*Activity*
In the records below, find the line containing "#173=EDGE_CURVE('E82',#172,#164,#170,.T.);", then reproduce that line and every one after it to the end, exactly and alone.

Saved entries:
/---

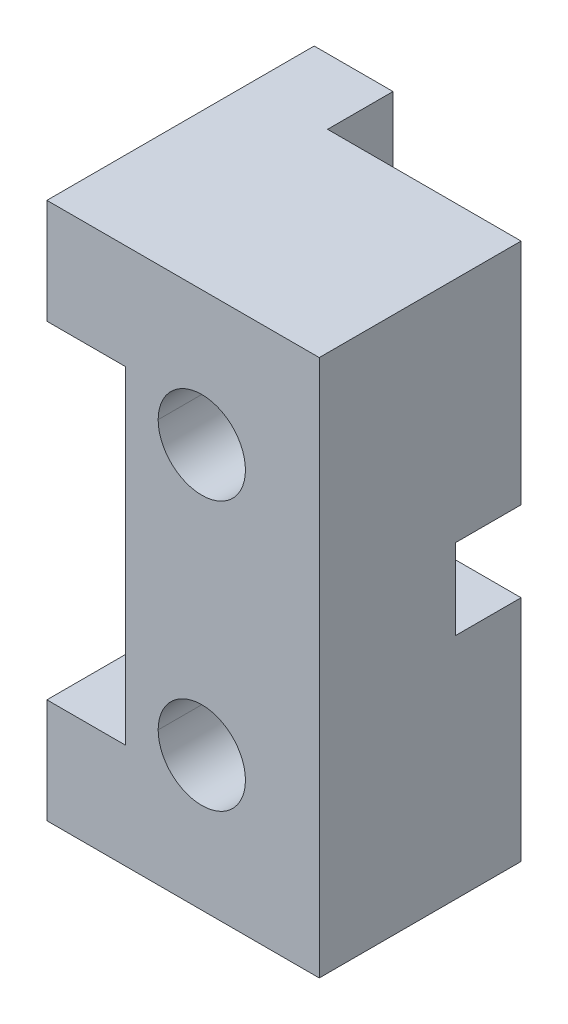
ISO-10303-21;
HEADER;
FILE_DESCRIPTION(('STEP AP214'),'2;1');
FILE_NAME('part.step','',(''),(''),'','','');
FILE_SCHEMA(('AUTOMOTIVE_DESIGN { 1 0 10303 214 1 1 1 1 }'));
ENDSEC;
DATA;
#1=APPLICATION_CONTEXT('core data for automotive mechanical design processes');
#2=APPLICATION_PROTOCOL_DEFINITION('international standard','automotive_design',2000,#1);
#3=PRODUCT_CONTEXT('',#1,'mechanical');
#4=PRODUCT('Part','Part','',(#3));
#5=PRODUCT_RELATED_PRODUCT_CATEGORY('part','',(#4));
#6=PRODUCT_DEFINITION_FORMATION('','',#4);
#7=PRODUCT_DEFINITION_CONTEXT('part definition',#1,'design');
#8=PRODUCT_DEFINITION('design','',#6,#7);
#9=PRODUCT_DEFINITION_SHAPE('','',#8);
#10=(LENGTH_UNIT() NAMED_UNIT(*) SI_UNIT(.MILLI.,.METRE.));
#11=(NAMED_UNIT(*) PLANE_ANGLE_UNIT() SI_UNIT($,.RADIAN.));
#12=(NAMED_UNIT(*) SI_UNIT($,.STERADIAN.) SOLID_ANGLE_UNIT());
#13=UNCERTAINTY_MEASURE_WITH_UNIT(LENGTH_MEASURE(1.E-05),#10,'distance_accuracy_value','');
#14=(GEOMETRIC_REPRESENTATION_CONTEXT(3) GLOBAL_UNCERTAINTY_ASSIGNED_CONTEXT((#13)) GLOBAL_UNIT_ASSIGNED_CONTEXT((#10,
#11,#12)) REPRESENTATION_CONTEXT('',''));
#15=CARTESIAN_POINT('',(0.,0.,0.));
#16=DIRECTION('',(0.,0.,1.));
#17=DIRECTION('',(1.,0.,0.));
#18=AXIS2_PLACEMENT_3D('',#15,#16,#17);
#19=CARTESIAN_POINT('',(14.319230782037,-3.38004715118205,7.4));
#20=DIRECTION('',(0.,0.,-1.));
#21=DIRECTION('',(-1.,0.,0.));
#22=AXIS2_PLACEMENT_3D('',#19,#20,#21);
#23=CYLINDRICAL_SURFACE('',#22,1.6);
#24=DIRECTION('',(0.,0.,-1.));
#25=VECTOR('',#24,1.);
#26=CARTESIAN_POINT('',(15.9192307820371,-3.38004715118205,7.4));
#27=LINE('',#26,#25);
#28=CARTESIAN_POINT('',(15.9192307820371,-3.38004715118205,7.4));
#29=VERTEX_POINT('',#28);
#30=CARTESIAN_POINT('',(15.9192307820371,-3.38004715118205,0.));
#31=VERTEX_POINT('',#30);
#32=EDGE_CURVE('E271',#29,#31,#27,.T.);
#33=ORIENTED_EDGE('',*,*,#32,.F.);
#34=CARTESIAN_POINT('',(14.319230782037,-3.38004715118205,7.4));
#35=DIRECTION('',(0.,0.,-1.));
#36=DIRECTION('',(1.,0.,0.));
#37=AXIS2_PLACEMENT_3D('',#34,#35,#36);
#38=CIRCLE('',#37,1.6);
#39=CARTESIAN_POINT('',(12.719230782037,-3.38004715118205,7.4));
#40=VERTEX_POINT('',#39);
#41=EDGE_CURVE('E278',#40,#29,#38,.T.);
#42=ORIENTED_EDGE('',*,*,#41,.F.);
#43=DIRECTION('',(0.,0.,-1.));
#44=VECTOR('',#43,1.);
#45=CARTESIAN_POINT('',(12.719230782037,-3.38004715118205,7.4));
#46=LINE('',#45,#44);
#47=CARTESIAN_POINT('',(12.719230782037,-3.38004715118205,0.));
#48=VERTEX_POINT('',#47);
#49=EDGE_CURVE('E349',#40,#48,#46,.T.);
#50=ORIENTED_EDGE('',*,*,#49,.T.);
#51=CARTESIAN_POINT('',(14.319230782037,-3.38004715118205,0.));
#52=DIRECTION('',(0.,0.,-1.));
#53=DIRECTION('',(1.,0.,0.));
#54=AXIS2_PLACEMENT_3D('',#51,#52,#53);
#55=CIRCLE('',#54,1.6);
#56=EDGE_CURVE('E337',#48,#31,#55,.T.);
#57=ORIENTED_EDGE('',*,*,#56,.T.);
#58=EDGE_LOOP('',(#33,#42,#50,#57));
#59=FACE_BOUND('',#58,.T.);
#60=ADVANCED_FACE('F15',(#59),#23,.F.);
#61=CARTESIAN_POINT('',(11.5303764001122,7.55495284835617,-2.4));
#62=DIRECTION('',(-1.,0.,0.));
#63=DIRECTION('',(0.,1.,0.));
#64=AXIS2_PLACEMENT_3D('',#61,#62,#63);
#65=PLANE('',#64);
#66=DIRECTION('',(0.,1.,0.));
#67=VECTOR('',#66,1.);
#68=CARTESIAN_POINT('',(11.5303764001122,7.55495284835617,0.));
#69=LINE('',#68,#67);
#70=CARTESIAN_POINT('',(11.5303764001122,7.55495284835616,0.));
#71=VERTEX_POINT('',#70);
#72=CARTESIAN_POINT('',(11.5303764001122,11.3949528483562,0.));
#73=VERTEX_POINT('',#72);
#74=EDGE_CURVE('E240',#71,#73,#69,.T.);
#75=ORIENTED_EDGE('',*,*,#74,.F.);
#76=DIRECTION('',(0.,0.,1.));
#77=VECTOR('',#76,1.);
#78=CARTESIAN_POINT('',(11.5303764001122,7.55495284835617,-2.4));
#79=LINE('',#78,#77);
#80=CARTESIAN_POINT('',(11.5303764001122,7.55495284835617,-2.4));
#81=VERTEX_POINT('',#80);
#82=EDGE_CURVE('E10',#81,#71,#79,.T.);
#83=ORIENTED_EDGE('',*,*,#82,.F.);
#84=DIRECTION('',(0.,1.,0.));
#85=VECTOR('',#84,1.);
#86=CARTESIAN_POINT('',(11.5303764001122,7.55495284835617,-2.4));
#87=LINE('',#86,#85);
#88=CARTESIAN_POINT('',(11.5303764001122,11.3949528483562,-2.4));
#89=VERTEX_POINT('',#88);
#90=EDGE_CURVE('E308',#81,#89,#87,.T.);
#91=ORIENTED_EDGE('',*,*,#90,.T.);
#92=DIRECTION('',(0.,0.,1.));
#93=VECTOR('',#92,1.);
#94=CARTESIAN_POINT('',(11.5303764001122,11.3949528483562,-2.4));
#95=LINE('',#94,#93);
#96=EDGE_CURVE('E275',#89,#73,#95,.T.);
#97=ORIENTED_EDGE('',*,*,#96,.T.);
#98=EDGE_LOOP('',(#75,#83,#91,#97));
#99=FACE_BOUND('',#98,.T.);
#100=ADVANCED_FACE('F711',(#99),#65,.F.);
#101=CARTESIAN_POINT('',(8.64037640011216,7.55495284835616,0.));
#102=DIRECTION('',(0.,1.,0.));
#103=DIRECTION('',(1.,0.,0.));
#104=AXIS2_PLACEMENT_3D('',#101,#102,#103);
#105=PLANE('',#104);
#106=DIRECTION('',(0.,0.,-1.));
#107=VECTOR('',#106,1.);
#108=CARTESIAN_POINT('',(11.5303764001122,7.55495284835617,0.));
#109=LINE('',#108,#107);
#110=CARTESIAN_POINT('',(11.5303764001122,7.55495284835617,7.4));
#111=VERTEX_POINT('',#110);
#112=EDGE_CURVE('E261',#111,#71,#109,.T.);
#113=ORIENTED_EDGE('',*,*,#112,.F.);
#114=DIRECTION('',(1.,0.,0.));
#115=VECTOR('',#114,1.);
#116=CARTESIAN_POINT('',(8.64037640011216,7.55495284835616,7.4));
#117=LINE('',#116,#115);
#118=CARTESIAN_POINT('',(8.64037640011216,7.55495284835616,7.4));
#119=VERTEX_POINT('',#118);
#120=EDGE_CURVE('E352',#119,#111,#117,.T.);
#121=ORIENTED_EDGE('',*,*,#120,.F.);
#122=DIRECTION('',(0.,0.,-1.));
#123=VECTOR('',#122,1.);
#124=CARTESIAN_POINT('',(8.64037640011216,7.55495284835616,0.));
#125=LINE('',#124,#123);
#126=CARTESIAN_POINT('',(8.64037640011216,7.55495284835616,-2.4));
#127=VERTEX_POINT('',#126);
#128=EDGE_CURVE('E26',#119,#127,#125,.T.);
#129=ORIENTED_EDGE('',*,*,#128,.T.);
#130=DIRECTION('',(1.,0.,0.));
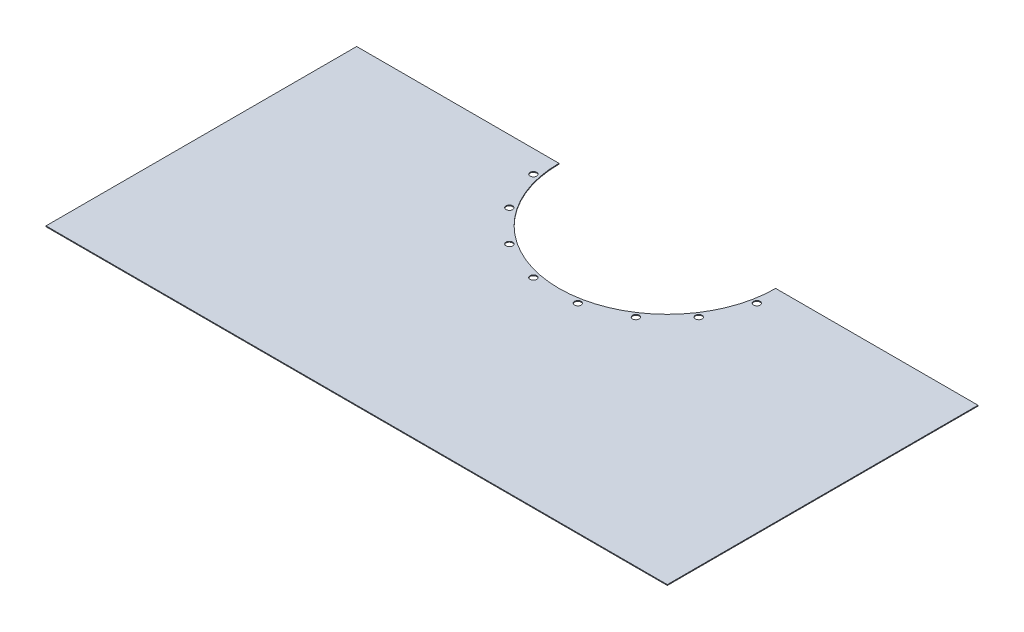
ISO-10303-21;
HEADER;
FILE_DESCRIPTION(('STEP AP214'),'2;1');
FILE_NAME('part.step','',(''),(''),'','','');
FILE_SCHEMA(('AUTOMOTIVE_DESIGN { 1 0 10303 214 1 1 1 1 }'));
ENDSEC;
DATA;
#1=APPLICATION_CONTEXT('core data for automotive mechanical design processes');
#2=APPLICATION_PROTOCOL_DEFINITION('international standard','automotive_design',2000,#1);
#3=PRODUCT_CONTEXT('',#1,'mechanical');
#4=PRODUCT('Part','Part','',(#3));
#5=PRODUCT_RELATED_PRODUCT_CATEGORY('part','',(#4));
#6=PRODUCT_DEFINITION_FORMATION('','',#4);
#7=PRODUCT_DEFINITION_CONTEXT('part definition',#1,'design');
#8=PRODUCT_DEFINITION('design','',#6,#7);
#9=PRODUCT_DEFINITION_SHAPE('','',#8);
#10=(LENGTH_UNIT() NAMED_UNIT(*) SI_UNIT(.MILLI.,.METRE.));
#11=(NAMED_UNIT(*) PLANE_ANGLE_UNIT() SI_UNIT($,.RADIAN.));
#12=(NAMED_UNIT(*) SI_UNIT($,.STERADIAN.) SOLID_ANGLE_UNIT());
#13=UNCERTAINTY_MEASURE_WITH_UNIT(LENGTH_MEASURE(1.E-05),#10,'distance_accuracy_value','');
#14=(GEOMETRIC_REPRESENTATION_CONTEXT(3) GLOBAL_UNCERTAINTY_ASSIGNED_CONTEXT((#13)) GLOBAL_UNIT_ASSIGNED_CONTEXT((#10,
#11,#12)) REPRESENTATION_CONTEXT('',''));
#15=CARTESIAN_POINT('',(0.,0.,0.));
#16=DIRECTION('',(0.,0.,1.));
#17=DIRECTION('',(1.,0.,0.));
#18=AXIS2_PLACEMENT_3D('',#15,#16,#17);
#19=CARTESIAN_POINT('',(0.,1.5875,0.));
#20=DIRECTION('',(0.,-1.,0.));
#21=DIRECTION('',(0.,0.,-1.));
#22=AXIS2_PLACEMENT_3D('',#19,#20,#21);
#23=CYLINDRICAL_SURFACE('',#22,212.625);
#24=CARTESIAN_POINT('',(0.,0.,0.));
#25=DIRECTION('',(0.,1.,0.));
#26=DIRECTION('',(0.,0.,1.));
#27=AXIS2_PLACEMENT_3D('',#24,#25,#26);
#28=CIRCLE('',#27,212.625);
#29=CARTESIAN_POINT('',(-212.625,0.,0.));
#30=VERTEX_POINT('',#29);
#31=CARTESIAN_POINT('',(212.625,0.,0.));
#32=VERTEX_POINT('',#31);
#33=EDGE_CURVE('E165',#30,#32,#28,.T.);
#34=ORIENTED_EDGE('',*,*,#33,.F.);
#35=DIRECTION('',(0.,-1.,0.));
#36=VECTOR('',#35,1.);
#37=CARTESIAN_POINT('',(-212.625,1.5875,0.));
#38=LINE('',#37,#36);
#39=CARTESIAN_POINT('',(-212.625,1.5875,0.));
#40=VERTEX_POINT('',#39);
#41=EDGE_CURVE('E11',#40,#30,#38,.T.);
#42=ORIENTED_EDGE('',*,*,#41,.F.);
#43=CARTESIAN_POINT('',(0.,1.5875,0.));
#44=DIRECTION('',(0.,1.,0.));
#45=DIRECTION('',(0.,0.,1.));
#46=AXIS2_PLACEMENT_3D('',#43,#44,#45);
#47=CIRCLE('',#46,212.625);
#48=CARTESIAN_POINT('',(212.625,1.5875,0.));
#49=VERTEX_POINT('',#48);
#50=EDGE_CURVE('E216',#40,#49,#47,.T.);
#51=ORIENTED_EDGE('',*,*,#50,.T.);
#52=DIRECTION('',(0.,-1.,0.));
#53=VECTOR('',#52,1.);
#54=CARTESIAN_POINT('',(212.625,1.5875,0.));
#55=LINE('',#54,#53);
#56=EDGE_CURVE('E62',#49,#32,#55,.T.);
#57=ORIENTED_EDGE('',*,*,#56,.T.);
#58=EDGE_LOOP('',(#34,#42,#51,#57));
#59=FACE_BOUND('',#58,.T.);
#60=ADVANCED_FACE('F45',(#59),#23,.F.);
#61=CARTESIAN_POINT('',(0.,1.5875,0.));
#62=DIRECTION('',(0.,0.,-1.));
#63=DIRECTION('',(-1.,0.,0.));
#64=AXIS2_PLACEMENT_3D('',#61,#62,#63);
#65=PLANE('',#64);
#66=DIRECTION('',(1.,0.,0.));
#67=VECTOR('',#66,1.);
#68=CARTESIAN_POINT('',(0.,0.,0.));
#69=LINE('',#68,#67);
#70=CARTESIAN_POINT('',(-609.6,0.,0.));
#71=VERTEX_POINT('',#70);
#72=EDGE_CURVE('E168',#71,#30,#69,.T.);
#73=ORIENTED_EDGE('',*,*,#72,.F.);
#74=DIRECTION('',(0.,-1.,0.));
#75=VECTOR('',#74,1.);
#76=CARTESIAN_POINT('',(-609.6,1.5875,0.));
#77=LINE('',#76,#75);
#78=CARTESIAN_POINT('',(-609.6,1.5875,0.));
#79=VERTEX_POINT('',#78);
#80=EDGE_CURVE('E54',#79,#71,#77,.T.);
#81=ORIENTED_EDGE('',*,*,#80,.F.);
#82=DIRECTION('',(1.,0.,0.));
#83=VECTOR('',#82,1.);
#84=CARTESIAN_POINT('',(0.,1.5875,0.));
#85=LINE('',#84,#83);
#86=EDGE_CURVE('E233',#79,#40,#85,.T.);
#87=ORIENTED_EDGE('',*,*,#86,.T.);
#88=ORIENTED_EDGE('',*,*,#41,.T.);
#89=EDGE_LOOP('',(#73,#81,#87,#88));
#90=FACE_BOUND('',#89,.T.);
#91=ADVANCED_FACE('F232',(#90),#65,.T.);
#92=CARTESIAN_POINT('',(-609.6,1.5875,1.11022302462516E-13));
#93=DIRECTION('',(1.,0.,0.));
#94=DIRECTION('',(0.,0.,-1.));
#95=AXIS2_PLACEMENT_3D('',#92,#93,#94);
#96=PLANE('',#95);
#97=DIRECTION('',(0.,0.,1.));
#98=VECTOR('',#97,1.);
#99=CARTESIAN_POINT('',(-609.6,0.,1.11022302462516E-13));
#100=LINE('',#99,#98);
#101=CARTESIAN_POINT('',(-609.6,0.,609.6));
#102=VERTEX_POINT('',#101);
#103=EDGE_CURVE('E172',#71,#102,#100,.T.);
#104=ORIENTED_EDGE('',*,*,#103,.T.);
#105=DIRECTION('',(0.,-1.,0.));
#106=VECTOR('',#105,1.);
#107=CARTESIAN_POINT('',(-609.6,1.5875,609.6));
#108=LINE('',#107,#106);
#109=CARTESIAN_POINT('',(-609.6,1.5875,609.6));
#110=VERTEX_POINT('',#109);
#111=EDGE_CURVE('E123',#110,#102,#108,.T.);
#112=ORIENTED_EDGE('',*,*,#111,.F.);
#113=DIRECTION('',(0.,0.,1.));
#114=VECTOR('',#113,1.);
#115=CARTESIAN_POINT('',(-609.6,1.5875,1.11022302462516E-13));
#116=LINE('',#115,#114);
#117=EDGE_CURVE('E109',#79,#110,#116,.T.);
#118=ORIENTED_EDGE('',*,*,#117,.F.);
#119=ORIENTED_EDGE('',*,*,#80,.T.);
#120=EDGE_LOOP('',(#104,#112,#118,#119));
#121=FACE_BOUND('',#120,.T.);
#122=ADVANCED_FACE('F225',(#121),#96,.F.);
#123=CARTESIAN_POINT('',(1.11022302462516E-13,1.5875,609.6));
#124=DIRECTION('',(0.,0.,-1.));
#125=DIRECTION('',(-1.,0.,0.));
#126=AXIS2_PLACEMENT_3D('',#123,#124,#125);
#127=PLANE('',#126);
#128=DIRECTION('',(1.,0.,0.));
#129=VECTOR('',#128,1.);
#130=CARTESIAN_POINT('',(1.11022302462516E-13,0.,609.6));
#131=LINE('',#130,#129);
#132=CARTESIAN_POINT('',(609.6,0.,609.6));
#133=VERTEX_POINT('',#132);
#134=EDGE_CURVE('E119',#102,#133,#131,.T.);
#135=ORIENTED_EDGE('',*,*,#134,.T.);
#136=DIRECTION('',(0.,-1.,0.));
#137=VECTOR('',#136,1.);
#138=CARTESIAN_POINT('',(609.6,1.5875,609.6));
#139=LINE('',#138,#137);
#140=CARTESIAN_POINT('',(609.6,1.5875,609.6));
#141=VERTEX_POINT('',#140);
#142=EDGE_CURVE('E116',#141,#133,#139,.T.);
#143=ORIENTED_EDGE('',*,*,#142,.F.);
#144=DIRECTION('',(1.,0.,0.));
#145=VECTOR('',#144,1.);
#146=CARTESIAN_POINT('',(1.11022302462516E-13,1.5875,609.6));
#147=LINE('',#146,#145);
#148=EDGE_CURVE('E100',#110,#141,#147,.T.);
#149=ORIENTED_EDGE('',*,*,#148,.F.);
#150=ORIENTED_EDGE('',*,*,#111,.T.);
#151=EDGE_LOOP('',(#135,#143,#149,#150));
#152=FACE_BOUND('',#151,.T.);
#153=ADVANCED_FACE('F117',(#152),#127,.F.);
#154=CARTESIAN_POINT('',(609.6,1.5875,1.11022302462516E-13));
#155=DIRECTION('',(-1.,0.,0.));
#156=DIRECTION('',(0.,0.,1.));
#157=AXIS2_PLACEMENT_3D('',#154,#155,#156);
#158=PLANE('',#157);
#159=DIRECTION('',(0.,0.,-1.));
#160=VECTOR('',#159,1.);
#161=CARTESIAN_POINT('',(609.6,0.,1.11022302462516E-13));
#162=LINE('',#161,#160);
#163=CARTESIAN_POINT('',(609.6,0.,0.));
#164=VERTEX_POINT('',#163);
#165=EDGE_CURVE('E177',#133,#164,#162,.T.);
#166=ORIENTED_EDGE('',*,*,#165,.T.);
#167=DIRECTION('',(0.,-1.,0.));
#168=VECTOR('',#167,1.);
#169=CARTESIAN_POINT('',(609.6,1.5875,0.));
#170=LINE('',#169,#168);
#171=CARTESIAN_POINT('',(609.6,1.5875,0.));
#172=VERTEX_POINT('',#171);
#173=EDGE_CURVE('E82',#172,#164,#170,.T.);
#174=ORIENTED_EDGE('',*,*,#173,.F.);
#175=DIRECTION('',(0.,0.,-1.));
#176=VECTOR('',#175,1.);
#177=CARTESIAN_POINT('',(609.6,1.5875,1.11022302462516E-13));
#178=LINE('',#177,#176);
#179=EDGE_CURVE('E106',#141,#172,#178,.T.);
#180=ORIENTED_EDGE('',*,*,#179,.F.);
#181=ORIENTED_EDGE('',*,*,#142,.T.);
#182=EDGE_LOOP('',(#166,#174,#180,#181));
#183=FACE_BOUND('',#182,.T.);
#184=ADVANCED_FACE('F125',(#183),#158,.F.);
#185=CARTESIAN_POINT('',(185.833458349619,1.5875,124.169947079881));
#186=DIRECTION('',(0.,-1.,0.));
#187=DIRECTION('',(0.,0.,-1.));
#188=AXIS2_PLACEMENT_3D('',#185,#186,#187);
#189=CYLINDRICAL_SURFACE('',#188,6.50000000000002);
#190=CARTESIAN_POINT('',(185.833458349619,1.5875,124.169947079881));
#191=DIRECTION('',(0.,1.,0.));
#192=DIRECTION('',(0.,0.,1.));
#193=AXIS2_PLACEMENT_3D('',#190,#191,#192);
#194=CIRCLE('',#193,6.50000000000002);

\---

*The completed task*
#173=EDGE_CURVE('E82',#172,#164,#170,.T.);
#174=ORIENTED_EDGE('',*,*,#173,.F.);
#175=DIRECTION('',(0.,0.,-1.));
#176=VECTOR('',#175,1.);
#177=CARTESIAN_POINT('',(609.6,1.5875,1.11022302462516E-13));
#178=LINE('',#177,#176);
#179=EDGE_CURVE('E106',#141,#172,#178,.T.);
#180=ORIENTED_EDGE('',*,*,#179,.F.);
#181=ORIENTED_EDGE('',*,*,#142,.T.);
#182=EDGE_LOOP('',(#166,#174,#180,#181));
#183=FACE_BOUND('',#182,.T.);
#184=ADVANCED_FACE('F125',(#183),#158,.F.);
#185=CARTESIAN_POINT('',(185.833458349619,1.5875,124.169947079881));
#186=DIRECTION('',(0.,-1.,0.));
#187=DIRECTION('',(0.,0.,-1.));
#188=AXIS2_PLACEMENT_3D('',#185,#186,#187);
#189=CYLINDRICAL_SURFACE('',#188,6.50000000000002);
#190=CARTESIAN_POINT('',(185.833458349619,1.5875,124.169947079881));
#191=DIRECTION('',(0.,1.,0.));
#192=DIRECTION('',(0.,0.,1.));
#193=AXIS2_PLACEMENT_3D('',#190,#191,#192);
#194=CIRCLE('',#193,6.50000000000002);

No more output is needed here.